Policy-Based Access Control (PBAC)
What is policy-based access control (PBAC)?
Policy-based access control (PBAC) is an authorization model where access decisions are governed by declarative policies that live outside the application. Instead of checking roles or permissions inline with the code, every request is evaluated against a set of policies by a dedicated policy engine. The engine takes in the principal, the action, the resource, and any contextual data, then returns an allow or deny based on the rules defined in those policies.

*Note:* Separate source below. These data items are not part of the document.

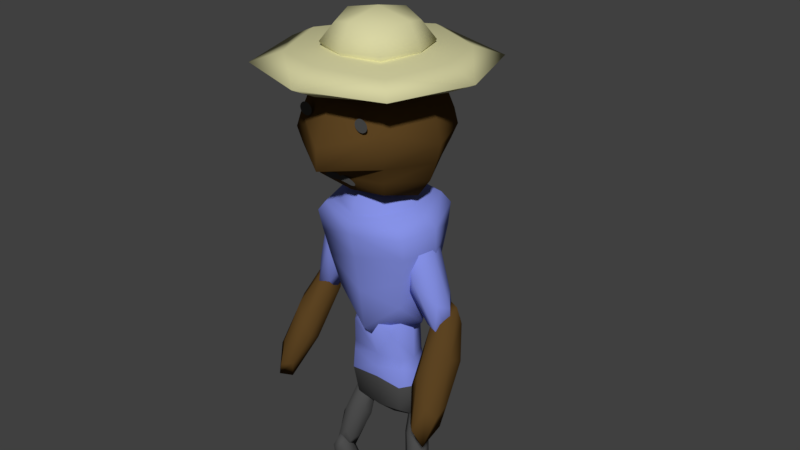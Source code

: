 # Source: player.blend  (saved by Blender 2.78.0; exported with 4.5.12 LTS)
import bpy
from mathutils import Matrix  # noqa: F401  (used for matrix-valued properties, if any)

bpy.ops.wm.read_factory_settings(use_empty=True)
scene = bpy.context.scene
scene.name = 'Scene'

# ---- collections
col_collection_1 = bpy.data.collections.new('Collection 1'); scene.collection.children.link(col_collection_1)

# ---- materials (node trees are filled in below, after node groups)
mat_probody = bpy.data.materials.new('probody')
mat_probody.alpha_threshold = 0.0
mat_probody.use_transparent_shadow = False
mat_probody.diffuse_color = (0.2398, 0.2875, 0.8, 1.0)
mat_probody.roughness = 0.5
mat_probody.line_color = (0.0, 0.0, 0.0, 1.0)
mat_prohat = bpy.data.materials.new('prohat')
mat_prohat.alpha_threshold = 0.0
mat_prohat.use_transparent_shadow = False
mat_prohat.diffuse_color = (0.6738, 0.6516, 0.3648, 1.0)
mat_prohat.roughness = 0.5
mat_proskin = bpy.data.materials.new('proskin')
mat_proskin.alpha_threshold = 0.0
mat_proskin.use_transparent_shadow = False
mat_proskin.diffuse_color = (0.1065, 0.05665, 0.01579, 1.0)
mat_proskin.roughness = 0.5
mat_proshoes = bpy.data.materials.new('proshoes')
mat_proshoes.alpha_threshold = 0.0
mat_proshoes.use_transparent_shadow = False
mat_proshoes.diffuse_color = (0.0, 0.0, 0.0, 1.0)
mat_proshoes.roughness = 0.5
mat_propants = bpy.data.materials.new('propants')
mat_propants.alpha_threshold = 0.0
mat_propants.use_transparent_shadow = False
mat_propants.diffuse_color = (0.07658, 0.07658, 0.07658, 1.0)
mat_propants.roughness = 0.5

# ---- material node trees

# ---- world
world_world = bpy.data.worlds.new('World'); scene.world = world_world
world_world.color = (0.05088, 0.05088, 0.05088)
world_world.use_sun_shadow = False
world_world.sun_shadow_jitter_overblur = 0.0
world_world.cycles.sampling_method = 'MANUAL'

# ---- meshes
me_cube = bpy.data.meshes.new('Cube')
me_cube.from_pydata([(0.2021, 0.03436, 1.411), (0.3548, -0.02685, 3.066), (0.3662, 0.008486, 2.324), (0.2475, -0.002341, 1.93), (0.2919, 0.1177, 2.087), (0.3639, -0.002341, 2.182), (0.3195, -0.1224, 2.024), (0.471, 0.01614, 1.675), (0.1404, -0.02082, 2.437), (0.404, -0.1424, 1.395), (0.5233, -0.002104, 1.481), (0.5594, -0.09142, 1.619), (0.4401, -0.2317, 1.534), (0.5599, -0.3312, 1.16), (0.4035, 0.09737, 1.855), (0.3138, 0.04181, 0.7564), (0.2817, -0.04346, 0.8728), (0.1669, -0.002421, 0.8877), (0.1991, 0.08285, 0.7714), (0.2914, -0.07268, 0.5385), (0.1894, 0.1121, 1.106), (0.3625, 0.04175, 0.3414), (0.3235, -0.08972, 0.3965), (0.2239, -0.04982, 0.4562), (0.2629, 0.08164, 0.401), (0.291, 0.07797, 0.1076), (0.2953, -0.08604, 0.69), (0.2017, -0.09178, 0.1407), (0.2659, 0.18, 0.1614), (0.4739, -0.007025, 0.1472), (0.4097, -0.2788, 0.1265), (0.3378, -0.03861, 0.001799), (0.3378, -0.0602, 0.2861), (0.3924, -0.0276, 2.955), (0.42, -0.02835, 2.845), (0.6253, -0.02835, 3.214), (0.2654, -0.1521, 2.018), (0.2839, -0.02835, 3.312), (0.2299, 0.0671, 0.9838), (0.1745, 0.1358, 1.426), (0.1745, -0.0597, 1.427), (0.2543, -0.2916, 2.668), (0.1908, 0.03394, 1.742), (0.2825, -0.3223, 2.762), (0.2543, 0.197, 2.667), (0.2825, 0.2327, 2.757), (0.3019, 0.2223, 2.39), (0.2533, 0.04139, 1.675), (0.201, -0.02442, 2.498), (0.3026, -0.2053, 2.312), (0.386, 0.01152, 1.675), (0.2724, -0.09239, 1.937), (0.1381, -0.0162, 2.247), (0.2517, 0.08771, 1.985), (0.4194, 0.1016, 1.794), (0.1714, 0.07385, 2.365), (0.339, 0.08771, 2.174), (0.4734, 0.01152, 1.864), (0.2254, -0.0162, 2.436), (0.3597, -0.09239, 2.126), (0.44, -0.07853, 1.746), (0.1921, -0.1062, 2.318), (0.4821, -0.2968, 1.162), (0.3922, -0.2222, 1.443), (0.3648, 0.02467, 1.684), (0.4547, -0.04994, 1.403), (0.5715, -0.1915, 1.227), (0.4543, 0.1299, 1.748), (0.5712, -0.01168, 1.572), (0.5986, -0.2585, 1.331), (0.4813, 0.06293, 1.852), (0.5087, -0.1839, 1.611), (0.5091, -0.3638, 1.266), (0.3918, -0.04232, 1.788), (0.3337, -0.033, 0.5602), (0.2645, 0.08365, 0.7348), (0.2572, 0.1056, 0.9855), (0.3264, -0.01109, 0.8109), (0.3096, -0.09696, 0.6474), (0.2331, 0.04161, 1.073), (0.2163, -0.04426, 0.9093), (0.2235, -0.06618, 0.6586), (0.1471, 0.07239, 1.084), (0.1543, 0.05047, 0.8333), (0.2477, -0.002223, 0.5714), (0.1712, 0.1363, 0.9967), (0.3436, 0.0918, 0.1374), (0.3224, 0.09456, 0.3574), (0.3468, -0.0312, 0.5742), (0.3679, -0.03396, 0.3541), (0.3143, -0.006792, 0.1787), (0.3175, -0.1298, 0.6155), (0.2639, -0.1026, 0.4401), (0.2396, 0.02313, 0.2234), (0.2428, -0.09988, 0.6602), (0.2185, 0.02588, 0.4435), (0.2688, 0.1217, 0.1821), (0.2721, -0.001284, 0.6189), (0.2358, -0.07309, 0.03492), (0.2897, -0.2533, 0.1285), (0.2358, -0.08928, 0.2481), (0.1818, 0.0909, 0.1546), (0.2839, 0.1308, 0.0504), (0.2839, 0.1146, 0.2636), (0.3859, 0.1545, 0.1594), (0.4398, -0.009524, 0.03975), (0.4398, -0.02572, 0.253), (0.4938, -0.1897, 0.1333), (0.3917, -0.2134, 0.02426), (0.3917, -0.2296, 0.2375), (0.3548, -0.03198, 2.624), (0.3924, -0.02924, 2.734), (0.2949, -0.1787, 2.184), (0.3029, 0.2693, 2.841), (0.2775, -0.03522, 2.515), (0.2775, -0.02611, 3.177), (0.3029, -0.3418, 2.858), (0.2647, 0.2016, 2.083), (0.2949, 0.2119, 2.257), (0.4654, 0.4496, 3.211), (0.4654, -0.03161, 3.138), (0.4654, -0.02508, 3.291), (0.4654, -0.5063, 3.218), (0.3184, 0.03042, 1.946), (0.3614, 0.01945, 2.166), (0.2094, 0.1945, 3.306), (0.2094, -0.02987, 3.173), (0.2094, -0.02682, 3.452), (0.2094, -0.2512, 3.319), (0.1591, 0.1847, 1.057), (0.1591, -0.05434, 1.068), (0.2565, -0.1949, 2.375), (0.138, 0.1668, 1.61), (0.138, -0.09888, 1.61), (0.2046, -0.1846, 2.394), (0.2565, 0.1957, 2.448), (0.2058, 0.1691, 2.463), (0.2383, -0.01345, 2.428), (0.2204, -0.1255, 1.832), (0.1577, -0.1742, 2.41), (0.2182, 0.1912, 1.885), (0.1593, 0.1425, 2.473), (0.3729, -0.05878, 1.756), (0.1892, -0.07931, 2.18), (0.3576, 0.07463, 1.792), (0.1739, 0.05409, 2.215), (0.4376, -0.05878, 1.896), (0.2539, -0.07931, 2.32), (0.4223, 0.07463, 1.932), (0.2386, 0.05409, 2.355), (0.4589, -0.3139, 1.266), (0.372, -0.07583, 1.653), (0.5051, -0.1864, 1.237), (0.4182, 0.05175, 1.623), (0.5452, -0.2856, 1.391), (0.4583, -0.04749, 1.777), (0.5914, -0.158, 1.362), (0.5045, 0.08009, 1.748), (0.2866, 0.01574, 0.5999), (0.2299, 0.1184, 0.915), (0.3324, -0.05443, 0.6562), (0.2758, 0.04821, 0.9713), (0.205, -0.008827, 0.6728), (0.1483, 0.09382, 0.9879), (0.2508, -0.079, 0.7292), (0.1942, 0.02364, 1.044), (0.3137, 0.1146, 0.2064), (0.316, 0.02344, 0.5299), (0.3473, 0.01936, 0.2039), (0.3497, -0.07176, 0.5275), (0.2366, 0.06368, 0.2701), (0.239, -0.02743, 0.5937), (0.2703, -0.03151, 0.2676), (0.2727, -0.1226, 0.5912), (0.3021, -0.1944, 0.0535), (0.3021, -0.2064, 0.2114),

The defining trait of PBAC is that the policy itself is a first-class artifact. It is authored, versioned, tested, and deployed independently of the application. That separation is what lets teams change access logic without redeploying services and what lets non-engineers reason about, audit, and contribute to access rules.
How PBAC works
At its core PBAC is about one thing. The access decision comes from a policy, not from logic hard-coded into each application. The policy is a declarative, standalone artifact that defines who can do what under which conditions, and every request is evaluated against it. The policy is the unit you author, version, test, and reason about.
How that policy gets evaluated at runtime is a separate question. Most externalized authorization setups answer it with three roles, a separation that the XACML model first described and that the OpenID AuthZEN spec has since modernized for application authorization.
The Policy Administration Point (PAP) is where policies are authored and managed. In a modern PBAC setup this looks like a Git repository, a policy authoring UI, or both, with versioning, testing, and deployment handled like any other code artifact.
The Policy Decision Point (PDP) is the engine that evaluates a request against the policies and returns a decision. It receives the request context, runs it through the policy logic, and produces an allow or deny. The PDP is stateless in well-designed implementations, which is what makes it possible to scale.
The Policy Enforcement Point (PEP) sits inside the application or service. It intercepts the request, packages up the context, asks the PDP for a decision, and enforces the answer. Cerbos provides PEP SDKs for all major languages, including JavaScript, Go, Python, Java, .NET, Rust, PHP, and Ruby so the integration is a single function call.
This separation is the foundation of externalized authorization management (EAM). It moves authorization out of the application into a dedicated layer that can be tested and evolved on its own. It is not unique to PBAC, the same architecture runs role-based and attribute-based rules just as well. What PBAC adds is the policy as the thing you manage.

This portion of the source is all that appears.